• Task to carry out
What lines in the records below mention "against"? List them all.

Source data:
______

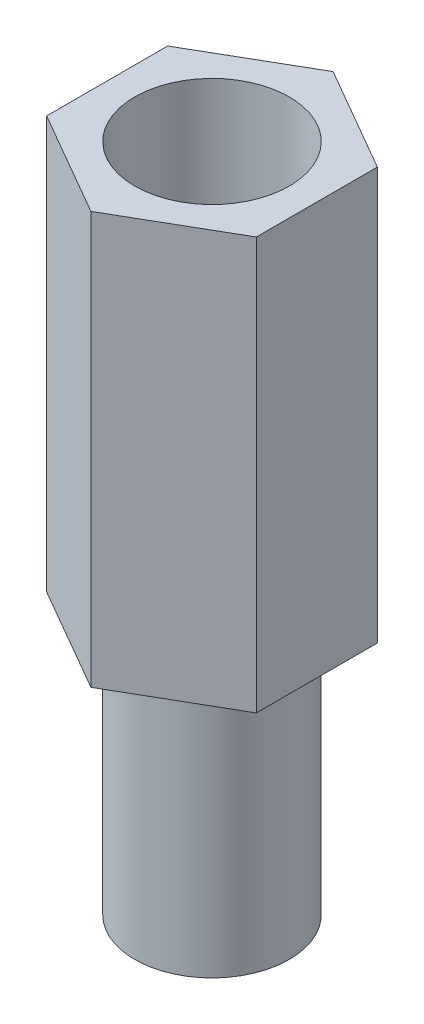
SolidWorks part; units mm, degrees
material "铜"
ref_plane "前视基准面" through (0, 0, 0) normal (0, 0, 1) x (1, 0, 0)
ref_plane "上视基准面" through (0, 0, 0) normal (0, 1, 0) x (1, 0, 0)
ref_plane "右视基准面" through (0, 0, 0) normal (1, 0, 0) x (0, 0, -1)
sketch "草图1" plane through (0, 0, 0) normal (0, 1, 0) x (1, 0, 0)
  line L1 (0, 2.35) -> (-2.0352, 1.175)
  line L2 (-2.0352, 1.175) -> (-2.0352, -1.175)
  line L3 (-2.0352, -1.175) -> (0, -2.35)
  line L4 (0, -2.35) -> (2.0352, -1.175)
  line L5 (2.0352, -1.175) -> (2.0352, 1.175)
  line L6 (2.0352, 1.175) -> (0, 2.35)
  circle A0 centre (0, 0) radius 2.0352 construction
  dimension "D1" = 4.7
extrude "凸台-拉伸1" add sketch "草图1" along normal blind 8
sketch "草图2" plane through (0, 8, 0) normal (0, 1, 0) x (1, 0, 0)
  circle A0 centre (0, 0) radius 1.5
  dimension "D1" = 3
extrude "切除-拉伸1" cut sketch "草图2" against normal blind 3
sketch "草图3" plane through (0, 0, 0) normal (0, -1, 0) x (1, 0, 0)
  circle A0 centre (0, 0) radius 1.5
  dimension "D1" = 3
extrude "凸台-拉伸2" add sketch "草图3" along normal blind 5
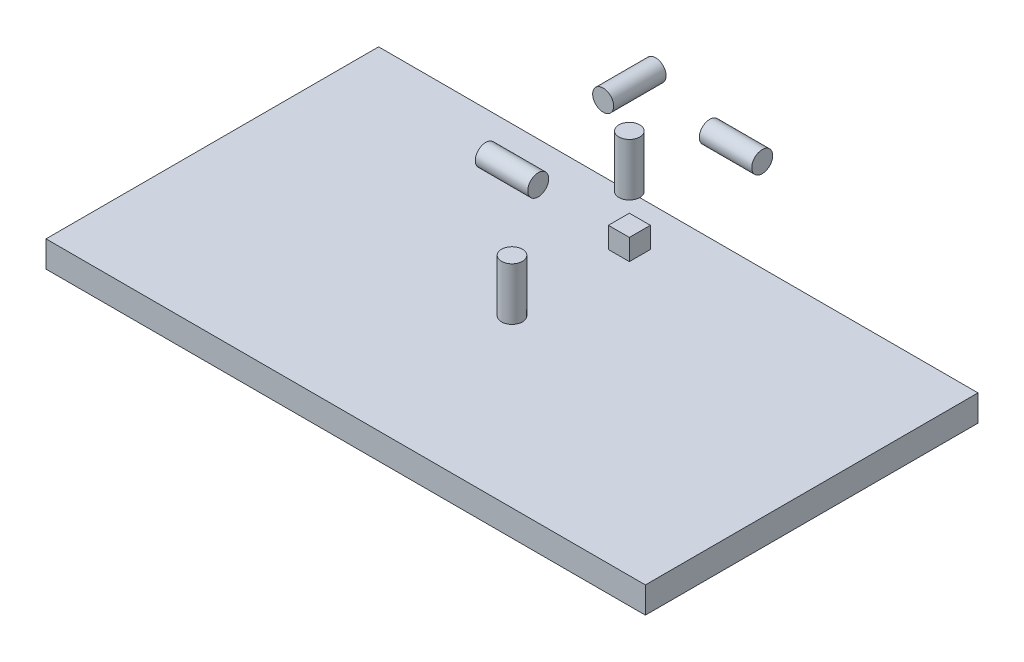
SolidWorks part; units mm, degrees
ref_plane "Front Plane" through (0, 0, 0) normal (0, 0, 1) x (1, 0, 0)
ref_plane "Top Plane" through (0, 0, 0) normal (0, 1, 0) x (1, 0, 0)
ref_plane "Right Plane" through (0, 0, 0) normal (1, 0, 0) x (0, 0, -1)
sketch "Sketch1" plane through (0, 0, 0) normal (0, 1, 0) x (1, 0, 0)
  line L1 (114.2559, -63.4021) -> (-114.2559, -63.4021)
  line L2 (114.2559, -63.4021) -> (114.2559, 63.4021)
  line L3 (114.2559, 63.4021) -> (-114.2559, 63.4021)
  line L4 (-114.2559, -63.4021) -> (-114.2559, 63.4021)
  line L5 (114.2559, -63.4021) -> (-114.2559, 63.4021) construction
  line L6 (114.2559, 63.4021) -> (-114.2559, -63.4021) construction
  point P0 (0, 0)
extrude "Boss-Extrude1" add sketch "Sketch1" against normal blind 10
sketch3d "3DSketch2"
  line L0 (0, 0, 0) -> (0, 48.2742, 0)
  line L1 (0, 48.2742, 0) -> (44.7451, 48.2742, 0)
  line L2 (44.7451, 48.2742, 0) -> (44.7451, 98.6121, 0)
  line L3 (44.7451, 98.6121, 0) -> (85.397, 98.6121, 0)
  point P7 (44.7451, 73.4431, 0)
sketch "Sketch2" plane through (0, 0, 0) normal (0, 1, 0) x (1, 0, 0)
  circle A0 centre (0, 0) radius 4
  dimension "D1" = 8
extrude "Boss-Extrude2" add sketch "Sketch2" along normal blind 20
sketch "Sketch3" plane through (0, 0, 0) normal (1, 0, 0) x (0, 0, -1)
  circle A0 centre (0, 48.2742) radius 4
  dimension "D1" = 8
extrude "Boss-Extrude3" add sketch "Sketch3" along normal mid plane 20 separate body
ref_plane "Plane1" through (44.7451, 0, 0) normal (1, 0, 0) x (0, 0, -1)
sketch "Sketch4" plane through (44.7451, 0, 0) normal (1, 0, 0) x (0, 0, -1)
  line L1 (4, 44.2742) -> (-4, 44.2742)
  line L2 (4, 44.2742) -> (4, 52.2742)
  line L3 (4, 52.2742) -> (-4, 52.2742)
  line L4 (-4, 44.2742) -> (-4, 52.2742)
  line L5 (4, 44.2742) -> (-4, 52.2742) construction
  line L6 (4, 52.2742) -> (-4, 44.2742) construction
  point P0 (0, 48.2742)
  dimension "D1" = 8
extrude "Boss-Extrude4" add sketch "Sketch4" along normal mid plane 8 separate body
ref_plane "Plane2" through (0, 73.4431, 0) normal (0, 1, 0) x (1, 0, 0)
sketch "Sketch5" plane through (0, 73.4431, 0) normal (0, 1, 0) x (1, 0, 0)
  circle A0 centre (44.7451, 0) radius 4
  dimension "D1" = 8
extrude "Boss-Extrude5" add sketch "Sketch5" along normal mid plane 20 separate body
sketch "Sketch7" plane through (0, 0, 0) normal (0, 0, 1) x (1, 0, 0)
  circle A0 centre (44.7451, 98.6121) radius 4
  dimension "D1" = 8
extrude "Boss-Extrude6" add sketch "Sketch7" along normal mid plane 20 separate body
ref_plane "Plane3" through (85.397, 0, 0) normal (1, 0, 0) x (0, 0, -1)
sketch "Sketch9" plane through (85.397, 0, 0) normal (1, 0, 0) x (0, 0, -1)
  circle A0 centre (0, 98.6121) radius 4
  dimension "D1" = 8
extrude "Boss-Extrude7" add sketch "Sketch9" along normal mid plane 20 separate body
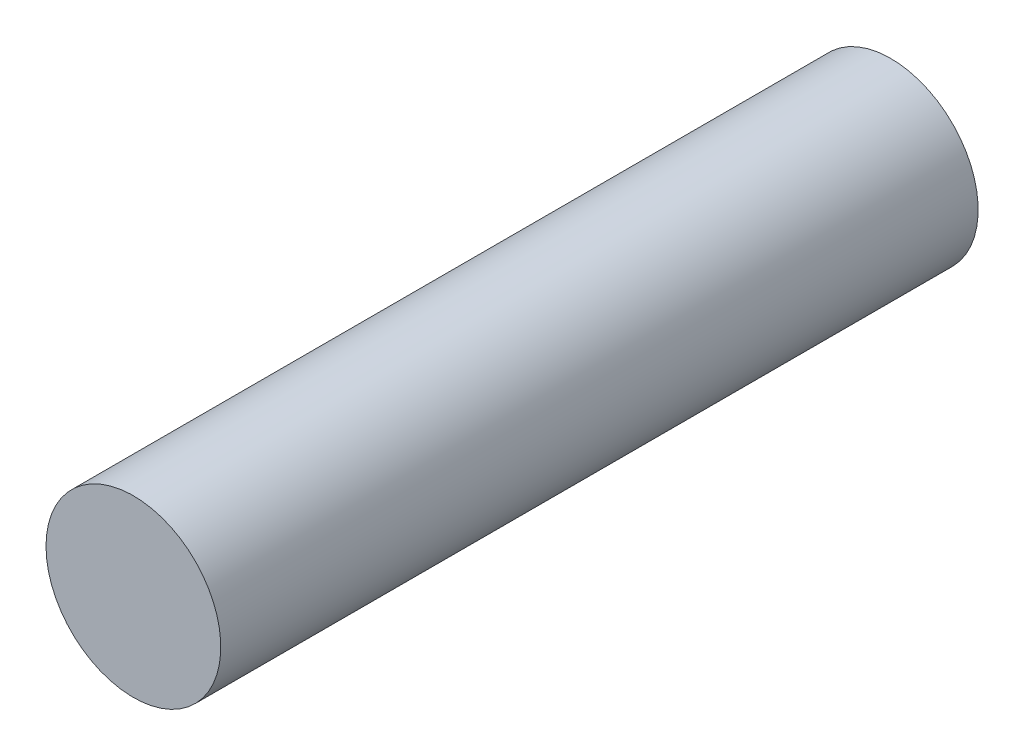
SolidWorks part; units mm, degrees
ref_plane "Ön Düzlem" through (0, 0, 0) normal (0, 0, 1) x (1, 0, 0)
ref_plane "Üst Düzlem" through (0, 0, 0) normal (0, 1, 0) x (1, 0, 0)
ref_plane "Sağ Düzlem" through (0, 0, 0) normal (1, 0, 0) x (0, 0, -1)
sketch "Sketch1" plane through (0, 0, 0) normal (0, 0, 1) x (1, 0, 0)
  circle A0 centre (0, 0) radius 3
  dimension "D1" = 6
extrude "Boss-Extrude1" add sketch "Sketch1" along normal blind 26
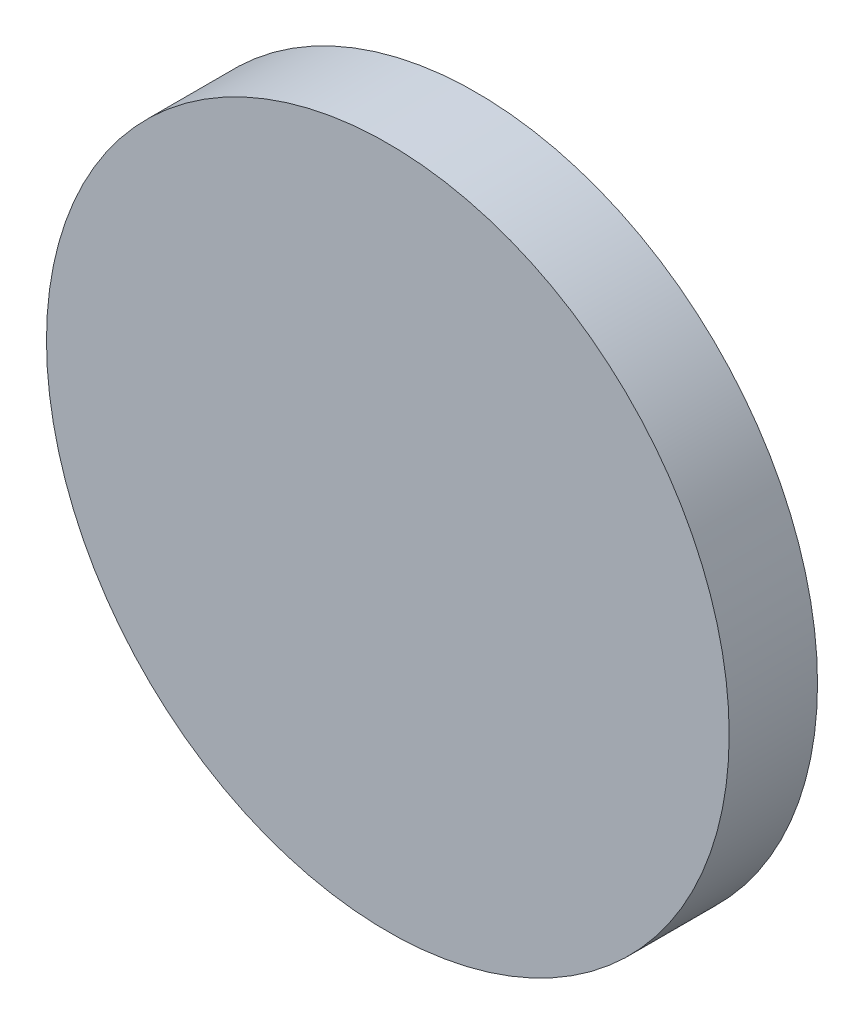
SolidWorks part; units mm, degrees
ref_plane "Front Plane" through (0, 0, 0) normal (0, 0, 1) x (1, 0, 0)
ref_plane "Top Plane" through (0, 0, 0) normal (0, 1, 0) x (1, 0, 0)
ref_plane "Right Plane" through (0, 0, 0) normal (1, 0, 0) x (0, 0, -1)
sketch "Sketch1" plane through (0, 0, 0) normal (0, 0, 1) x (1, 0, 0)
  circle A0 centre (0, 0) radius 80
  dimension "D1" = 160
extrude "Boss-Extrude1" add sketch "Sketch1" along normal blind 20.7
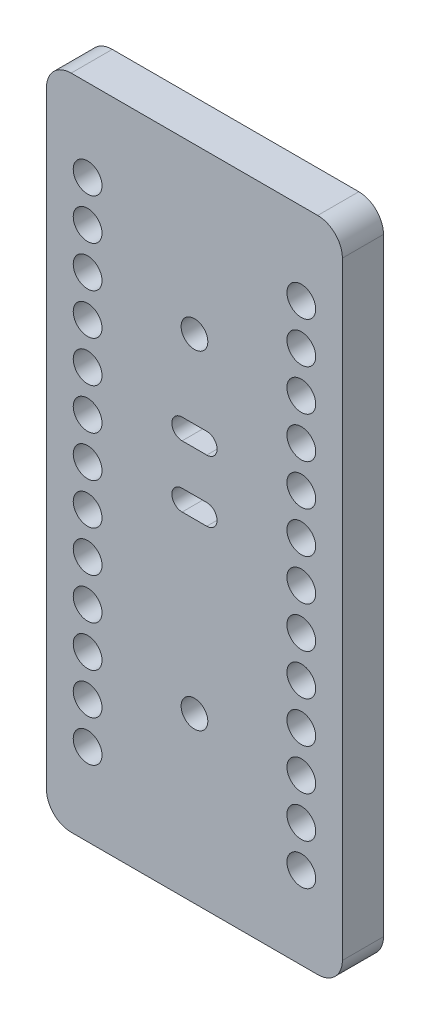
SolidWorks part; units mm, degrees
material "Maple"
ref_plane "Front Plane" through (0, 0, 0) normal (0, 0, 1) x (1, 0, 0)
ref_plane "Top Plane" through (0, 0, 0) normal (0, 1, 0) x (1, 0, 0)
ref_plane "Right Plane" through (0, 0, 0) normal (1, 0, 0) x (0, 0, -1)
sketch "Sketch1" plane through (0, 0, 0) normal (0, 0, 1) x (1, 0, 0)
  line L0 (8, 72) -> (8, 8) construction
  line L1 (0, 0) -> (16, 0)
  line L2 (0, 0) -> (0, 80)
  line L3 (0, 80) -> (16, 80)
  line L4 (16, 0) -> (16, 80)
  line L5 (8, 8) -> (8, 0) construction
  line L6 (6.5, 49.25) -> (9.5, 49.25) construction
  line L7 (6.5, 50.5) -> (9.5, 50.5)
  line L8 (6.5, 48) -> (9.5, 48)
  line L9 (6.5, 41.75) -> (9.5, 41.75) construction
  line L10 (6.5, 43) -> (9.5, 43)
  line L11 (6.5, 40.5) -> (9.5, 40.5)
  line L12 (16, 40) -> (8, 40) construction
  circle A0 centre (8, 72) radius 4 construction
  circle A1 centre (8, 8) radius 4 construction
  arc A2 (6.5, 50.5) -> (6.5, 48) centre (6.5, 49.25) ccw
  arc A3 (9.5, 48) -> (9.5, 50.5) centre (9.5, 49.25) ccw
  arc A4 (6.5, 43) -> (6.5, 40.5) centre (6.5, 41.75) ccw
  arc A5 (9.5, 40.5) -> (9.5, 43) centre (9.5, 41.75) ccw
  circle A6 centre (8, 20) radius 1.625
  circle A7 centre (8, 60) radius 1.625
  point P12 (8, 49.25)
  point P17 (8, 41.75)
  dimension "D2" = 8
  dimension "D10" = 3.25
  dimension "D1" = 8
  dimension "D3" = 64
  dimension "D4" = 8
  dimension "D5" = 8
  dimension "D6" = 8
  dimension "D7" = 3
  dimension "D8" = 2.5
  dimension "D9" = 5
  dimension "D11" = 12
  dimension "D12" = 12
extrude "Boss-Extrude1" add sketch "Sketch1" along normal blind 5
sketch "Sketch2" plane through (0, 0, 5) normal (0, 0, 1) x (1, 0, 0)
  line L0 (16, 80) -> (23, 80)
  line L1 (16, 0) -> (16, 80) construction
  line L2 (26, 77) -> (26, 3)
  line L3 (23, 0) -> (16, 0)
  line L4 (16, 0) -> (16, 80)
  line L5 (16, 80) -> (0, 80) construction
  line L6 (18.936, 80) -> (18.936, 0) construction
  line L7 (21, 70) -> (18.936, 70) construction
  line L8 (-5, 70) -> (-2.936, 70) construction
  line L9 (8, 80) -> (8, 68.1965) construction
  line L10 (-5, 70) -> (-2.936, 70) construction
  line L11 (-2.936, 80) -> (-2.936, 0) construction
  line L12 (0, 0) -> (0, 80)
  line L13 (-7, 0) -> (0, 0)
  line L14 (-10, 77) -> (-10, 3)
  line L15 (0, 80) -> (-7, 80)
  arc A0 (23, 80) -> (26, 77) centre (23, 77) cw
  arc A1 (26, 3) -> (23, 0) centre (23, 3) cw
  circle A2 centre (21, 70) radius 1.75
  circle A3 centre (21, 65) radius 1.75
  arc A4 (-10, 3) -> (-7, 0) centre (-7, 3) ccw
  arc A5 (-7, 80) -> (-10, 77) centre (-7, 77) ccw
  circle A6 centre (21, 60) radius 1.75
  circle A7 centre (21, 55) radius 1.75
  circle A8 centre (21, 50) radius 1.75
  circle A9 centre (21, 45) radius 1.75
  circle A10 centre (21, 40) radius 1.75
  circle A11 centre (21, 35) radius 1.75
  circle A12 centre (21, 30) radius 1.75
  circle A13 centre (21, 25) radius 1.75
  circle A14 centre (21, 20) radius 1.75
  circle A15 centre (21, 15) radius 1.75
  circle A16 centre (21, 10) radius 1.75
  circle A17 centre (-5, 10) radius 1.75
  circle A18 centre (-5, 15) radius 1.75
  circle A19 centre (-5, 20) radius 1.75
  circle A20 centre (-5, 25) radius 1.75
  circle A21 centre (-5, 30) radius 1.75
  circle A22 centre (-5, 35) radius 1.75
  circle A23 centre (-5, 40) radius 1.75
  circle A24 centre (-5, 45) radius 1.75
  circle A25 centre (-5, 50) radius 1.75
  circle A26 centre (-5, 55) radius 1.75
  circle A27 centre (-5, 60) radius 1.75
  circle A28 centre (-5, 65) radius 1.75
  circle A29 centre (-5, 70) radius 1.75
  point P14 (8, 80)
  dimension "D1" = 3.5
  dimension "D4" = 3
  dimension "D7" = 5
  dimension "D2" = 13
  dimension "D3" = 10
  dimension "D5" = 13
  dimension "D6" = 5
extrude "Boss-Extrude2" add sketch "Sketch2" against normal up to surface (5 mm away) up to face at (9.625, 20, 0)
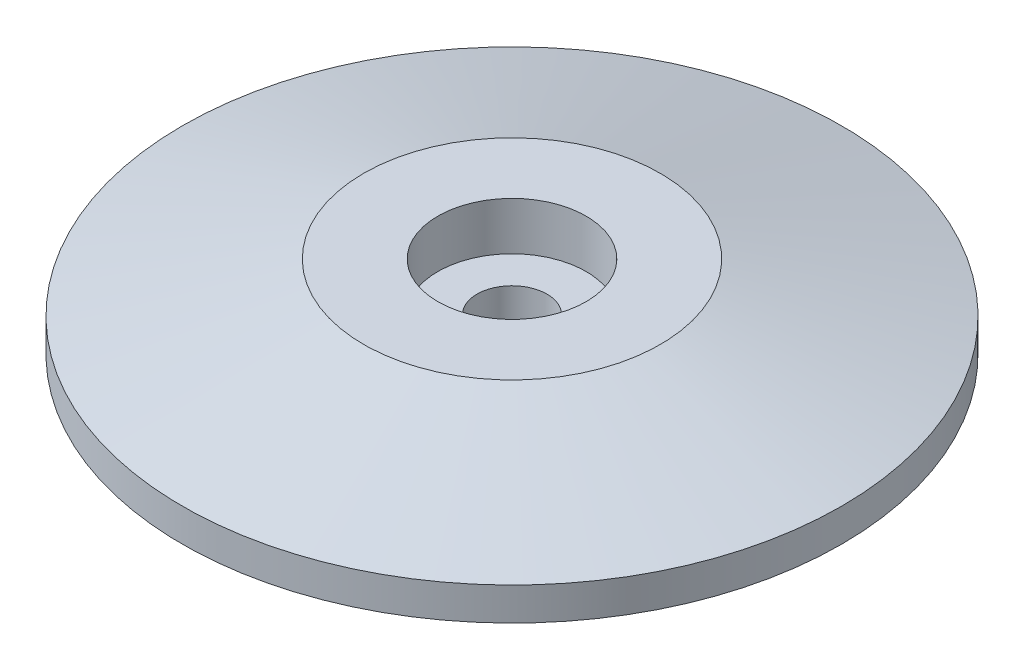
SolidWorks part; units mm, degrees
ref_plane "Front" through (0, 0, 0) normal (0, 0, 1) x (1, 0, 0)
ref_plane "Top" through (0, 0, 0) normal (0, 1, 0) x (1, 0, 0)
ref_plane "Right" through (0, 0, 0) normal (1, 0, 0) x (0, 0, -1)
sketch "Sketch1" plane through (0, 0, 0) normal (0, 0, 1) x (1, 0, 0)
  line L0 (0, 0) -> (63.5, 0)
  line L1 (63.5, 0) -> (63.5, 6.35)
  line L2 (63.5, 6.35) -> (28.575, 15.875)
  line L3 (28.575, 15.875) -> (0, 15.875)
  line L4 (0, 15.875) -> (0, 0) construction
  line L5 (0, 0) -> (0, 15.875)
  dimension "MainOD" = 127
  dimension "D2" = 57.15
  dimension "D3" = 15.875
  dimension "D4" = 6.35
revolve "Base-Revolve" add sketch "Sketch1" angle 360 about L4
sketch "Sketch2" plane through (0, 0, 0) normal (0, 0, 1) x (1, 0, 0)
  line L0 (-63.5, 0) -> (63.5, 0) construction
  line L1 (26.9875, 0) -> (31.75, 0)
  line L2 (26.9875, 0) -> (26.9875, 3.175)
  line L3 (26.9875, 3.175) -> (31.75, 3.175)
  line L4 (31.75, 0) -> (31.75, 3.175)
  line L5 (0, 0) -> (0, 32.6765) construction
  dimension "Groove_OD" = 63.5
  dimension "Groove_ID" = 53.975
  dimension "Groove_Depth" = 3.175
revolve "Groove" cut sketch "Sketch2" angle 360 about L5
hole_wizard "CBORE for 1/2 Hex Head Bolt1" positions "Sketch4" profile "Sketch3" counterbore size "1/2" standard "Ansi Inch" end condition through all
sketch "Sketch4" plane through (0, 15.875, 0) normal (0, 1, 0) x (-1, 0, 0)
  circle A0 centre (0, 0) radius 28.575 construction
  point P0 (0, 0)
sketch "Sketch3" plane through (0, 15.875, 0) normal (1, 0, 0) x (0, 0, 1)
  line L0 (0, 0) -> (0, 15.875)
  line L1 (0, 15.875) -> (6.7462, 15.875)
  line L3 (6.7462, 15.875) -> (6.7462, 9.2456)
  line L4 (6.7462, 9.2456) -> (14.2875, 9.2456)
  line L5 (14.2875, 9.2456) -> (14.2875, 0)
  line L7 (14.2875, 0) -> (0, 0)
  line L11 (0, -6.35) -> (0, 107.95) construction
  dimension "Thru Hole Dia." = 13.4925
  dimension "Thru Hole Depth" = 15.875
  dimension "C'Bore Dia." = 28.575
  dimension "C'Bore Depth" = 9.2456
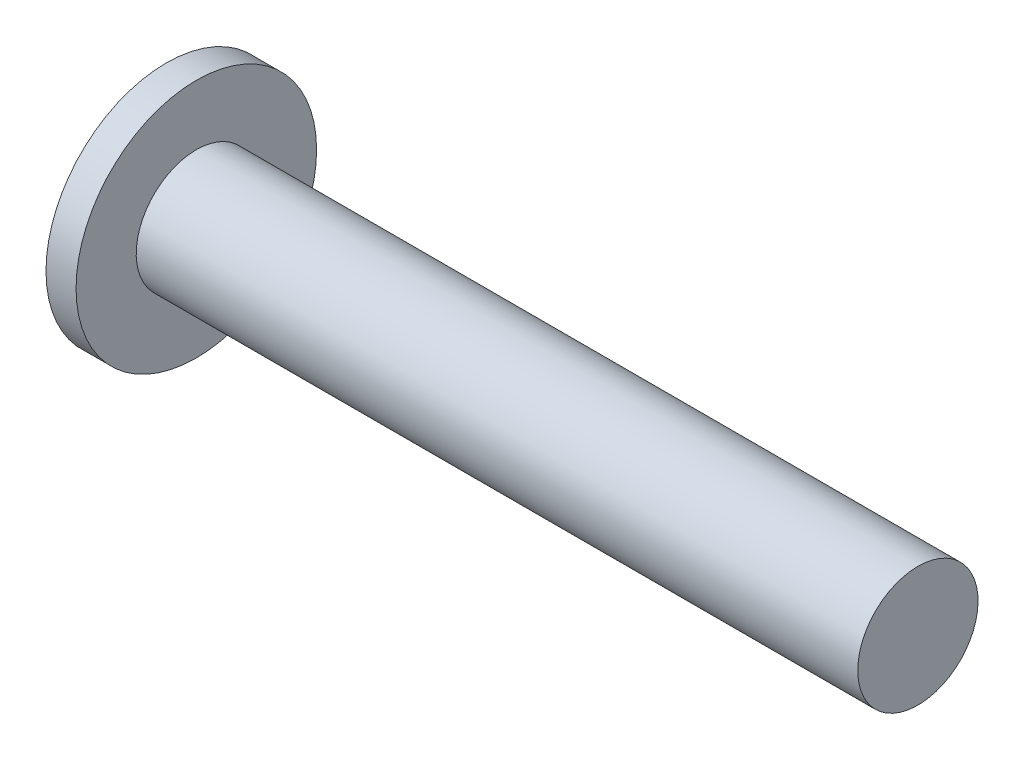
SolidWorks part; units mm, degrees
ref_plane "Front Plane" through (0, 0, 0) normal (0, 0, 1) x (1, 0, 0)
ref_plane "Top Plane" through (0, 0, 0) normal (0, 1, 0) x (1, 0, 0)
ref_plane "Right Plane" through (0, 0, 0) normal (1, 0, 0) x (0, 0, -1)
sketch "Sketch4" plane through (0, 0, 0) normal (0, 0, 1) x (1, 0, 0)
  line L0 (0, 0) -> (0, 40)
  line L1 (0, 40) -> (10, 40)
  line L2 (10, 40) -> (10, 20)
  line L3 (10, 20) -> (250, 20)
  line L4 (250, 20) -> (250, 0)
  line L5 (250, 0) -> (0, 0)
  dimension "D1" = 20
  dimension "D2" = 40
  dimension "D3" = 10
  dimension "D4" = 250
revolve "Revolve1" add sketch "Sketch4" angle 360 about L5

______

• Answer box
extrude "切除-拉伸1" cut sketch "草图2" against normal blind 3
extrude "Boss-Extrude1" add sketch "Sketch1" against normal blind 10
extrude "Boss-Extrude2" add sketch "Sketch2" against normal up to surface (5 mm away) up to face at (9.625, 20, 0)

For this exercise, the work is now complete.